If project/engagement postmortem, use this template instead:

## Project Postmortem: {{project or engagement name}}

**Engagement period:** {{start date}} -- {{end date}}
**Team:** {{team members and roles}}
**Author:** {{who wrote this}}
**Postmortem date:** {{when this review happened}}

### Summary
(2-3 sentences: what the project was, what was delivered, overall assessment.)

### Goals vs. Outcomes

| Goal | Target | Actual | Assessment |
|------|--------|--------|------------|
| (goal 1) | (success criteria) | (what happened) | Met / Partially met / Not met |

### What went well
- (Practices, decisions, or dynamics that worked)

### What we would do differently
- (Specific changes, not blame -- what would we adjust if starting over?)

### Lessons learned

**Process:** (what we learned about how we work)
**Technical:** (what we learned about the technology or architecture)
**People:** (what we learned about team dynamics, communication, collaboration)
**Client:** (what we learned about stakeholder management, expectations, engagement)

### Recommendations for future engagements
- (Reusable patterns, warnings, or advice for the next team)

### Action items

| ID | Action | Owner | Due date | Status |
|----|--------|-------|----------|--------|
| 1 | (specific action) | (person or team) | (date) | Open |

Step 6: Facilitate the postmortem meeting (optional)
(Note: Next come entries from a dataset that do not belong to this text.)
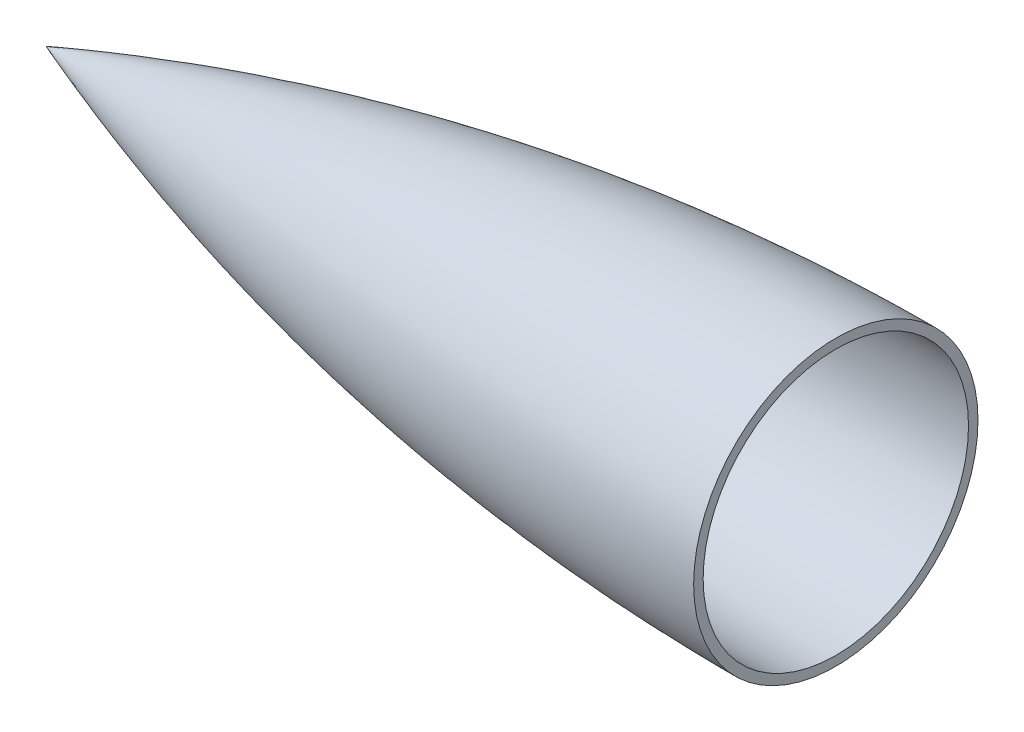
SolidWorks part; units mm, degrees
material "Hexcel AS4C (3000 Filaments)"
ref_plane "Plan de face" through (0, 0, 0) normal (0, 0, 1) x (1, 0, 0)
ref_plane "Plan de dessus" through (0, 0, 0) normal (0, 1, 0) x (1, 0, 0)
ref_plane "Plan de droite" through (0, 0, 0) normal (1, 0, 0) x (0, 0, -1)
sketch "Esquisse1" plane through (0, 0, 0) normal (0, 1, 0) x (1, 0, 0)
  line L0 (0, 0) -> (301.6119, 0) construction
  line L1 (250, 45) -> (250, 0)
  line L2 (250, 0) -> (0, 0) construction
  line L3 (250, 0) -> (0, 0)
  line L4 (-54.2063, 0) -> (320.9698, 0) construction
  spline S0 degree 4 poles (-23.75, -9.3206) (-23.3793, -9.1675) (-22.6378, -8.8618) (-21.1533, -8.2524) (-18.9254, -7.3456) (-16.3195, -6.2962) (-13.3492, -5.1155) (-10.3763, -3.9492) (-7.7868, -2.9463) (-5.5576, -2.0927) (-3.7137, -1.3926) (-2.2648, -0.8461) (-0.1075, -0.0388) (0.8923, 0.3317) (3.5178, 1.3014) (4.8595, 1.7876) (6.481, 2.3772) (7.8299, 2.8619) (9.2895, 3.3843) (11.7855, 4.2708) (14.6616, 5.279) (17.8907, 6.3927) (22.2119, 7.856) (26.5382, 9.2938) (31.5993, 10.9361) (37.3979, 12.7636) (43.2125, 14.542) (49.0415, 16.271) (56.3462, 18.3703) (65.1397, 20.7903) (73.9667, 23.0858) (82.8251, 25.2563) (90.227, 26.9814) (96.16, 28.3112) (103.5901, 29.9105) (112.5275, 31.7288) (121.4898, 33.4206) (130.475, 34.9856) (139.4772, 36.4488) (148.4954, 37.8102) (157.5322, 39.0439) (166.5854, 40.1499) (174.1395, 40.9861) (180.1882, 41.6038) (186.242, 42.1702) (192.3004, 42.6852) (197.6051, 43.0908) (202.1542, 43.4064) (205.9467, 43.648) (208.9814, 43.8283) (212.0168, 43.9958) (215.053, 44.1504) (218.0897, 44.2922) (221.1271, 44.4211) (224.165, 44.5371) (227.2032, 44.6402) (230.242, 44.7304) (233.281, 44.8077) (235.9407, 44.8641) (238.2201, 44.9044) (240.1205, 44.9326) (241.6389, 44.9519) (243.1631, 44.968) (244.6703, 44.9809) (246.2317, 44.9906) (247.6173, 44.997) (249.5342, 45.0003) (250.4911, 45.0003) (252.4435, 44.9969) (253.8441, 44.9902) (255.4491, 44.9801) (256.9849, 44.9666) (258.9327, 44.9456) (261.2684, 44.9135) (264.0075, 44.866) (267.1406, 44.7979) (269.8924, 44.7261) (272.2495, 44.6559) (273.8214, 44.6045) (274.6071, 44.5777) (275, 44.564) knots 0 0 0 0 0 0.005245 0.010489 0.020979 0.031468 0.041958 0.052322 0.062685 0.067867 0.073049 0.078231 0.083413 0.093352 0.098321 0.10329 0.108259 0.113229 0.118198 0.123167 0.143044 0.152983 0.162922 0.182799 0.202676 0.222553 0.24243 0.262307 0.282185 0.321939 0.361693 0.38157 0.401447 0.421325 0.441202 0.480956 0.52071 0.540588 0.560465 0.600219 0.639973 0.65985 0.679728 0.699605 0.719482 0.739359 0.759236 0.769175 0.779113 0.789052 0.798991 0.808929 0.818868 0.828806 0.838745 0.848683 0.858622 0.868561 0.878499 0.883468 0.888438 0.893407 0.898376 0.903346 0.908315 0.913284 0.918253 0.923331 0.928409 0.933486 0.938564 0.943642 0.948719 0.958874 0.969156 0.979437 0.989719 0.994859 1 1 1 1 1 construction
  spline S1 degree 4 poles (0, 0) (0.5947, 0.2212) (1.4352, 0.5323) (3.5178, 1.3014) (4.8595, 1.7876) (6.481, 2.3772) (7.8299, 2.8619) (9.2895, 3.3843) (11.7855, 4.2708) (14.6616, 5.279) (17.8907, 6.3927) (22.2119, 7.856) (26.5382, 9.2938) (31.5993, 10.9361) (37.3979, 12.7636) (43.2125, 14.542) (49.0415, 16.271) (56.3462, 18.3703) (65.1397, 20.7903) (73.9667, 23.0858) (82.8251, 25.2563) (90.227, 26.9814) (96.16, 28.3112) (103.5901, 29.9105) (112.5275, 31.7288) (121.4898, 33.4206) (130.475, 34.9856) (139.4772, 36.4488) (148.4954, 37.8102) (157.5322, 39.0439) (166.5854, 40.1499) (174.1395, 40.9861) (180.1882, 41.6038) (186.242, 42.1702) (192.3004, 42.6852) (197.6051, 43.0908) (202.1542, 43.4064) (205.9467, 43.648) (208.9814, 43.8283) (212.0168, 43.9958) (215.053, 44.1504) (218.0897, 44.2922) (221.1271, 44.4211) (224.165, 44.5371) (227.2032, 44.6402) (230.242, 44.7304) (233.281, 44.8077) (235.9407, 44.8641) (238.2201, 44.9044) (240.1205, 44.9326) (241.6389, 44.9519) (243.1631, 44.968) (244.6703, 44.9809) (246.2317, 44.9906) (247.6173, 44.997) (249.0472, 44.9995) (249.6828, 45) (250, 45) knots 0.083413 0.083413 0.083413 0.083413 0.083413 0.093352 0.098321 0.10329 0.108259 0.113229 0.118198 0.123167 0.143044 0.152983 0.162922 0.182799 0.202676 0.222553 0.24243 0.262307 0.282185 0.321939 0.361693 0.38157 0.401447 0.421325 0.441202 0.480956 0.52071 0.540588 0.560465 0.600219 0.639973 0.65985 0.679728 0.699605 0.719482 0.739359 0.759236 0.769175 0.779113 0.789052 0.798991 0.808929 0.818868 0.828806 0.838745 0.848683 0.858622 0.868561 0.878499 0.883468 0.888438 0.893407 0.898376 0.903346 0.908315 0.913284 0.918253 0.918253 0.918253 0.918253 0.918253
  dimension "D1" = 250
  dimension "D2" = 45
revolve "Révolution1" add sketch "Esquisse1" angle 360 about L3
shell "Coque4" thickness 3 removed face at (250, 0, -45)

If the user is facilitating a live postmortem, provide this agenda:

1. Set the tone (2 min) -- "This is a blameless postmortem. We're here to learn, not to assign blame. Every action taken during the incident was reasonable given what people knew at the time."
2. Walk through the timeline (10 min) -- present the timeline, ask for corrections and additions.
3. Discuss contributing factors (15 min) -- present the factors, ask "what else made this outcome likely?"
4. Identify action items (10 min) -- for each contributing factor, ask "what would reduce the likelihood or impact of this factor?"
5. Prioritize actions (5 min) -- rank by leverage (prevent > detect > mitigate > process) and effort.
6. Assign owners and dates (5 min) -- every action item gets an owner and a due date. No orphan items.
7. Close (3 min) -- confirm follow-up schedule, thank the team.

Facilitation tips:

• If someone starts blaming, redirect: "Let's focus on what made that outcome likely, not who did what."
• If the group fixates on a single root cause, ask: "What else had to be true for this to happen?"
• If action items are vague, push for specificity: "What does 'improve monitoring' mean concretely? What metric, what threshold, what alert?"

Step 7: Discuss

Ask the user:

• Does this capture the incident accurately?
• Are there contributing factors we missed?
• Are the action items concrete enough to execute?
• Should I draft a customer-facing summary or internal announcement?
• Want me to set up a follow-up action item review prompt?

Output location

Present the postmortem document as formatted text in the conversation or save to a file if requested.